# World Cube Association Rules and Regulations with Tyson Mao and Dan Dzoan



## Edward (Mar 5, 2010)

He said I could post this (Pestvic's video)


----------



## Alex DiTuro (Mar 5, 2010)

*[Video] WCA Rules And Regulations*

[youtube]RhaF9gVEeu4&[/youtube]

WCA Rules and regulations and whatnot. Not sure why this hasn't been posted yet. This is PestVic's video. Not mine.


NOTE:
Tyson and Dan are just JOKING about putting cubers away from the camera is they suck. It was a JOKE. Go to the original Youtube page for the original disclaimer.


----------



## 4Chan (Mar 5, 2010)

Beaten by seconds, LOL. 


http://www.speedsolving.com/forum/showthread.php?p=335808#post335808


----------



## Edward (Mar 5, 2010)

Lol beat you to it dude 
But mine can be deleted if they wish.
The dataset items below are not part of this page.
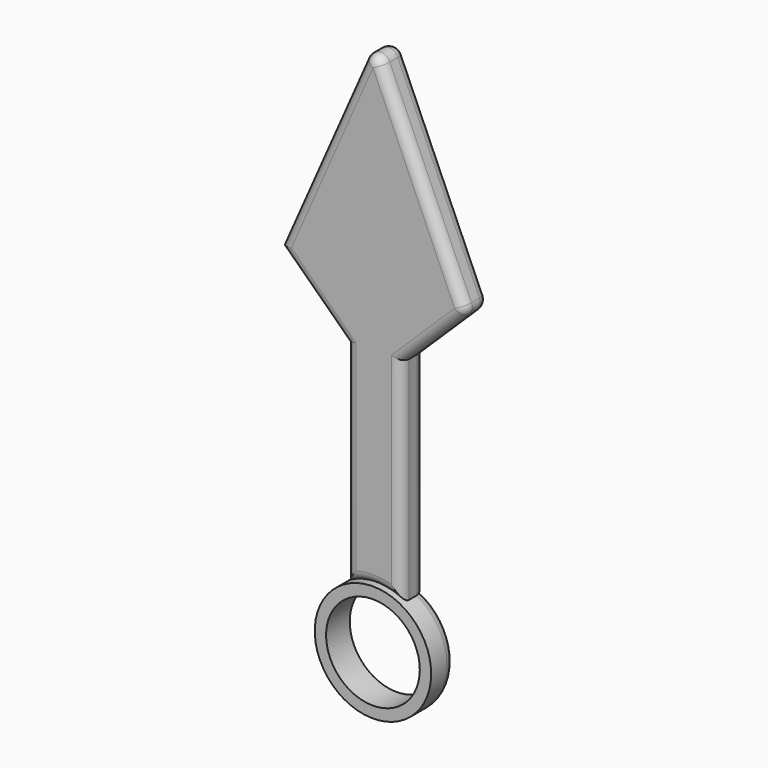
from build123d import *

# Parameters (mm, degrees)
F1_DEPTH = 5
F2_DEPTH = 6
F0_R     = 11.813064162
F0_R_2   = 9.5088348367
F3_R     = 2
F3_2_R   = 2


# Not quite as in the source:
# - a feature of the source that left no trace in its solid (it failed there, or was rolled back) is left out


with BuildPart() as f1:
    # F0 (on Front) → F1 (new body)
    with BuildSketch(Plane.XZ):
        with BuildLine():
            Line((18.9558565617, 32.4459187686), (0, 75.4745528102))
            Line((0, 75.4745528102), (-18.9558584243, 32.4459187686))
            Line((-18.9558584243, 32.4459187686), (-5.4657990113, 19.4210316986))
            Line((-5.4657990113, 19.4210316986), (-5.4657990113, 0))
            Line((-5.4657990113, 0), (-5.4657990113, -23.3750138432))
            ThreePointArc((-5.4657990113, -23.3750138432), (0.1536859635, -22.0490794669), (5.7371167932, -23.5194581672))
            Line((5.7371167932, -23.5194581672), (5.7371167932, 0.0881423131))
            Line((5.7371167932, 0.0881423131), (5.7371167932, 19.5091740117))
            Line((5.7371167932, 19.5091740117), (18.9558565617, 32.4459187686))
        make_face()
    extrude(amount=F1_DEPTH)

    # F0 (on Front) → F2 (join)
    with BuildSketch(Plane.XZ):
        with BuildLine():
            Line((18.9558565617, 32.4459187686), (0, 75.4745528102))
            Line((0, 75.4745528102), (-18.9558584243, 32.4459187686))
            Line((-18.9558584243, 32.4459187686), (-5.4657990113, 19.4210316986))
            Line((-5.4657990113, 19.4210316986), (-5.4657990113, 0))
            Line((-5.4657990113, 0), (-5.4657990113, -23.3750138432))
            ThreePointArc((-5.4657990113, -23.3750138432), (0.1536859635, -22.0490794669), (5.7371167932, -23.5194581672))
            Line((5.7371167932, -23.5194581672), (5.7371167932, 0.0881423131))
            Line((5.7371167932, 0.0881423131), (5.7371167932, 19.5091740117))
            Line((5.7371167932, 19.5091740117), (18.9558565617, 32.4459187686))
        make_face()
    extrude(amount=F2_DEPTH)

    # F3
    f3_edges = [f1.edges().sort_by_distance(p)[0] for p in [
        (9.477928, -6, 53.960236),
        (-9.477929, -6, 53.960236),
        (-12.210829, -6, 25.933475),
        (-5.465799, -6, -1.976991),
        (0.153686, -6, -22.049079),
        (5.737117, -6, -2.005142),
        (12.346487, -6, 25.977546),
        (18.955857, -3, 32.445919),
        (0, -3, 75.474553),
        (9.477928, 0, 53.960236),
        (12.346487, 0, 25.977546),
        (-12.210829, 0, 25.933475),
        (-5.465799, 0, -1.976991),
        (5.737117, 0, -2.005142),
        (-9.477929, 0, 53.960236),
        (0.153686, 0, -22.049079),
    ]]
    fillet(f3_edges, radius=F3_R)


with BuildPart() as f2:
    # F0 (on Front) → F2, piece 2 (new body)
    with BuildSketch(Plane.XZ):
        with Locations((0, -33.9687649328)):
            Circle(F0_R)
        with Locations((0, -33.9687649328)):
            Circle(F0_R_2, mode=Mode.SUBTRACT)
    extrude(amount=F2_DEPTH)

    # F3#2
    f3_2_edges = [f2.edges().sort_by_distance(p)[0] for p in [
        (-11.813064, 0, -33.968765),
    ]]
    fillet(f3_2_edges, radius=F3_2_R)


solid = Compound([f1.part, f2.part])
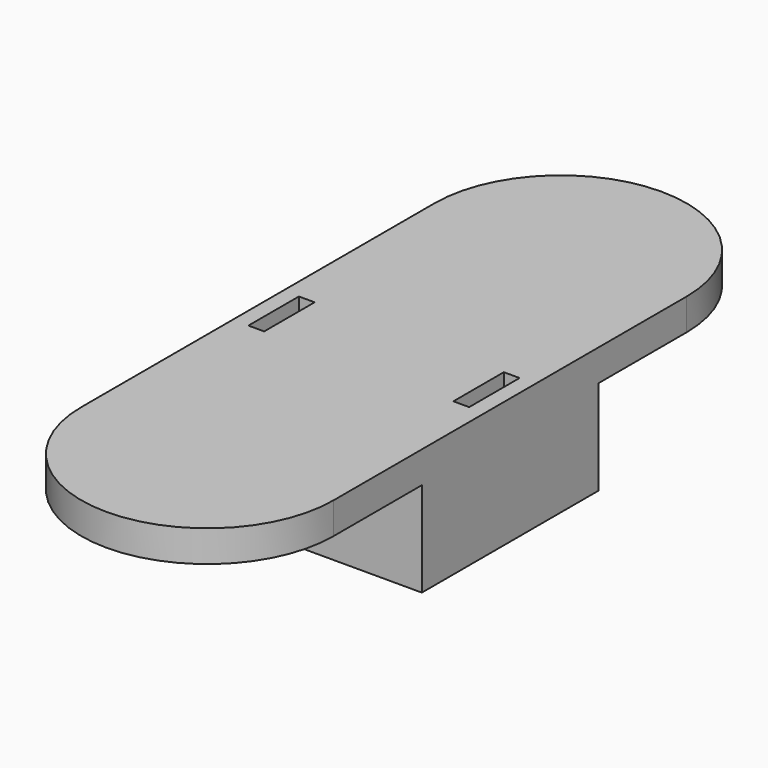
from build123d import *

# Parameters (mm, degrees)
F1_DEPTH = 12.7
F2_W     = 101.6
F2_H     = 88.9
F3_DEPTH = 38.1
F5_D     = 25.4
F5_DEPTH = 76.2
F5_TIP   = 7.6309298617
F6_W     = 6.35
F6_H     = 25.4
F7_DEPTH = 6.35
F8_W     = 88.9
F8_H     = 27.94
F9_DEPTH = 6.35


with BuildPart() as f1:
    # F0 (on Top) → F1 (new body)
    with BuildSketch(Plane.XY):
        with BuildLine():
            Line((-50.8, 88.9), (-50.8, -88.9))
            ThreePointArc((-50.8, -88.9), (0, -139.7), (50.8, -88.9))
            Line((50.8, -88.9), (50.8, 88.9))
            ThreePointArc((50.8, 88.9), (0, 139.7), (-50.8, 88.9))
        make_face()
    extrude(amount=F1_DEPTH)

    # F2 (on face) → F3 (join)
    with BuildSketch(Plane(origin=(0, 0, 0), x_dir=(1, 0, 0), z_dir=(0, 0, -1))):
        Rectangle(F2_W, F2_H)
    extrude(amount=F3_DEPTH)

    # F5
    with Locations(Plane(origin=(-50.8, 0, 0), x_dir=(0, -1, 0), z_dir=(-1, 0, 0))):
        with Locations((0, -19.05)):
            Hole(F5_D / 2, depth=F5_DEPTH)
            with Locations((0, 0, -(F5_DEPTH + F5_TIP / 2))):  # 118° drill point
                Cone(0, F5_D / 2, F5_TIP, mode=Mode.SUBTRACT)

    # F6 (on face) → F7 (cut)
    with BuildSketch(Plane.XY.offset(12.7)):
        with Locations((-41.275, 0)):
            Rectangle(F6_W, F6_H)
        with Locations((41.275, 0)):
            Rectangle(F6_W, F6_H)
    extrude(amount=-F7_DEPTH, mode=Mode.SUBTRACT)

    # F8 (on face) → F9 (cut)
    with BuildSketch(Plane(origin=(0, 0, 0), x_dir=(1, 0, 0), z_dir=(0, 0, -1))):
        Rectangle(F8_W, F8_H)
    extrude(amount=-F9_DEPTH, mode=Mode.SUBTRACT)


solid = f1.part
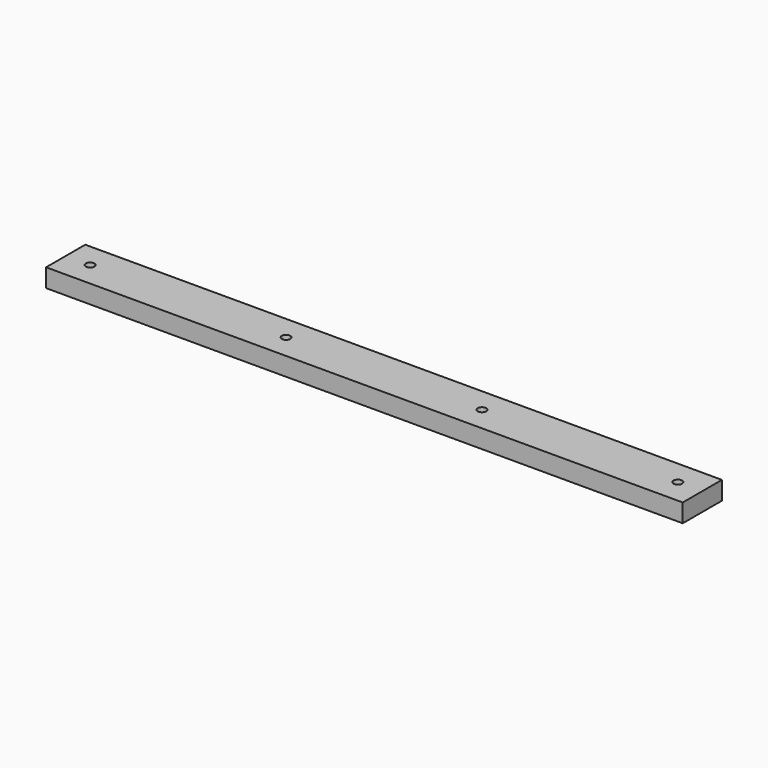
from build123d import *

# Parameters (mm, degrees)
F0_W           = 660.4
F0_H           = 50.8
F1_DEPTH       = 19.05
F2_D           = 8.89
F2_CBORE_D     = 12.065
F2_CBORE_DEPTH = 12.7


# Not quite as in the source:
# - a length typed as a fraction of an inch, garbled in the dataset ("3 / 203.2 mm" for 3/8 in), is restored


with BuildPart() as f1:
    # F0 (on Top) → F1 (new body)
    with BuildSketch(Plane.XY):
        with Locations((304.8, 0)):
            Rectangle(F0_W, F0_H)
    extrude(amount=F1_DEPTH)

    # F2 (through all)
    with Locations(Plane(origin=(0, 0, 0), x_dir=(1, 0, 0), z_dir=(0, 0, -1))):
        with Locations((0, 0), (203.2, 0), (406.4, 0), (609.6, 0)):
            CounterBoreHole(F2_D / 2, F2_CBORE_D / 2, F2_CBORE_DEPTH)


solid = f1.part
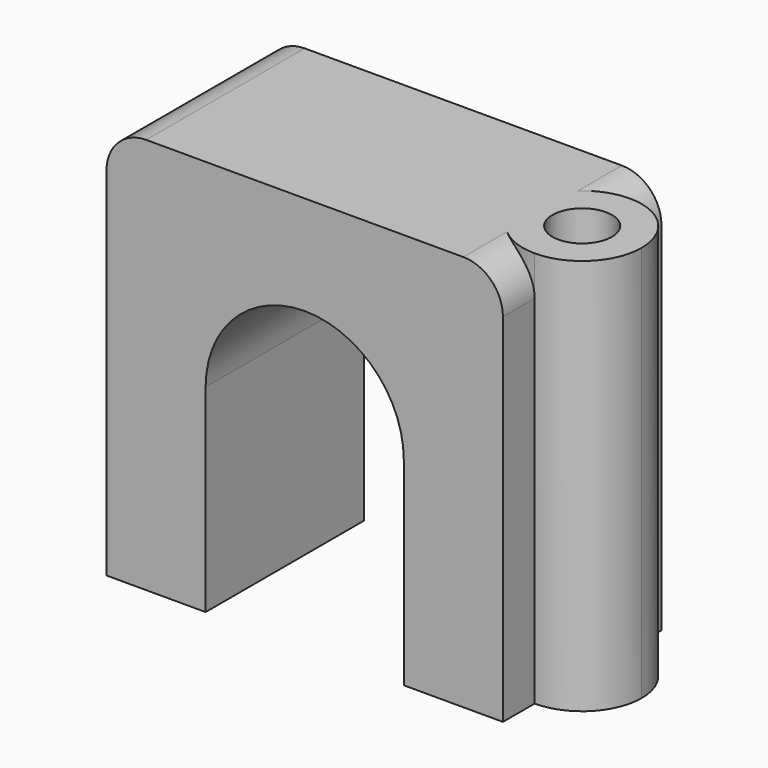
from build123d import *

# Parameters (mm, degrees)
F1_DEPTH     = 50.8
F3_DEPTH     = 25.4
F4_T1_DEPTH  = 50.8
F4_T6_DEPTH  = 30.48
F4_S7_R      = 7.62
F4_T8_DEPTH  = 17
F4_T12_DEPTH = 30.48
F4_S13_R     = 7.62
F4_T14_DEPTH = 17
F6_D         = 7.62


# Not quite as in the source:
# - a fillet or chamfer that OpenCascade refuses, or shapes differently, is made with other operations: its cross-section is extruded or revolved along the edge and cut away or added


with BuildPart() as f1:
    # F0 (on Top) → F1 (new body)
    with BuildSketch(Plane.XY):
        with BuildLine():
            Line((0, 25.4), (0, 0))
            Line((0, 0), (50.8, 0))
            Line((50.8, 0), (50.8, 5.08))
            ThreePointArc((50.8, 5.08), (43.18, 12.7), (50.8, 20.32))
            Line((50.8, 20.32), (50.8, 25.4))
            Line((50.8, 25.4), (0, 25.4))
        make_face()
        with BuildLine():
            Line((50.8, 20.32), (50.8, 5.08))
            ThreePointArc((50.8, 5.08), (56.1881536726, 7.3118463274), (58.42, 12.7))
            ThreePointArc((58.42, 12.7), (56.1881536726, 18.0881536726), (50.8, 20.32))
        make_face()
        with BuildLine():
            ThreePointArc((50.8, 20.32), (43.18, 12.7), (50.8, 5.08))
            Line((50.8, 5.08), (50.8, 20.32))
        make_face()
    extrude(amount=F1_DEPTH)

    # F2 (on face) → F3 (cut)
    with BuildSketch(Plane.XZ):
        with BuildLine():
            ThreePointArc((38.1, 25.4), (25.4, 38.1), (12.7, 25.4))
            Line((12.7, 25.4), (38.1, 25.4))
        make_face()
        with BuildLine():
            Line((38.1, 25.4), (12.7, 25.4))
            ThreePointArc((12.7, 25.4), (25.4, 12.7), (38.1, 25.4))
        make_face()
        with BuildLine():
            Line((12.7, 25.4), (12.7, 0))
            Line((12.7, 0), (38.1, 0))
            Line((38.1, 0), (38.1, 25.4))
            ThreePointArc((38.1, 25.4), (25.4, 12.7), (12.7, 25.4))
        make_face()
    extrude(amount=-F3_DEPTH, mode=Mode.SUBTRACT)

    # F4: fillet of radius 5.08 on 3 edges, made by hand

    # F4_s2 → F4_t1 (cut)
    with BuildSketch(Plane.XZ.offset(-38.1)):
        with BuildLine():
            ThreePointArc((0, 45.72), (1.4878975516, 49.3121024484), (5.08, 50.8))
            Line((5.08, 50.8), (0, 50.8))
            Line((0, 50.8), (0, 45.72))
        make_face()
    extrude(amount=F4_T1_DEPTH, mode=Mode.SUBTRACT)


with BuildPart() as f4_tool4:
    # F4_s5 → F4_t6 (new body)
    with BuildSketch(Plane.XZ.offset(12.7)):
        with BuildLine():
            ThreePointArc((45.72, 50.8), (49.3121024484, 49.3121024484), (50.8, 45.72))
            Line((50.8, 45.72), (50.8, 50.8))
            Line((50.8, 50.8), (45.72, 50.8))
        make_face()
    extrude(amount=-F4_T6_DEPTH)

    # F4_s7 → F4_t8 (cut, symmetric)
    with BuildSketch(Plane.XY.offset(48.3)):
        with Locations((50.8, 12.7)):
            Circle(F4_S7_R)
    extrude(amount=F4_T8_DEPTH, both=True, mode=Mode.SUBTRACT)


with BuildPart() as f1_1:
    add(f1.part)

    # F4_t3: cut F4_tool4
    add(f4_tool4.part, mode=Mode.SUBTRACT)


with BuildPart() as f4_tool10:
    # F4_s11 → F4_t12 (new body)
    with BuildSketch(Plane.XZ.offset(-7.62)):
        with BuildLine():
            ThreePointArc((45.72, 50.8), (49.3121024484, 49.3121024484), (50.8, 45.72))
            Line((50.8, 45.72), (50.8, 50.8))
            Line((50.8, 50.8), (45.72, 50.8))
        make_face()
    extrude(amount=-F4_T12_DEPTH)

    # F4_s13 → F4_t14 (cut, symmetric)
    with BuildSketch(Plane.XY.offset(48.3)):
        with Locations((50.8, 12.7)):
            Circle(F4_S13_R)
    extrude(amount=F4_T14_DEPTH, both=True, mode=Mode.SUBTRACT)


with BuildPart() as f1_2:
    add(f1_1.part)

    # F4_t9: cut F4_tool10
    add(f4_tool10.part, mode=Mode.SUBTRACT)

    # F6 (through all)
    with Locations(Plane.XY.offset(50.8)):
        with Locations((50.8, 12.7)):
            Hole(F6_D / 2)


solid = f1_2.part

Its not in the right forum anyway >.>.


----------



## Alex DiTuro (Mar 5, 2010)

I forgot the code for imbedding youtube videos... It took me 15 minutes....
:fp:fp:fp:fp:fp:fp:fp


----------



## cincyaviation (Mar 5, 2010)

video section?
ha, i saw that comment


----------



## Dene (Mar 5, 2010)

I see Dan hasn't had a haircut in a while! Keep it growing


----------



## Stefan (Mar 5, 2010)

Hippie and the Geek.


----------



## lorki3 (Mar 5, 2010)

they are not really serious about this right?


----------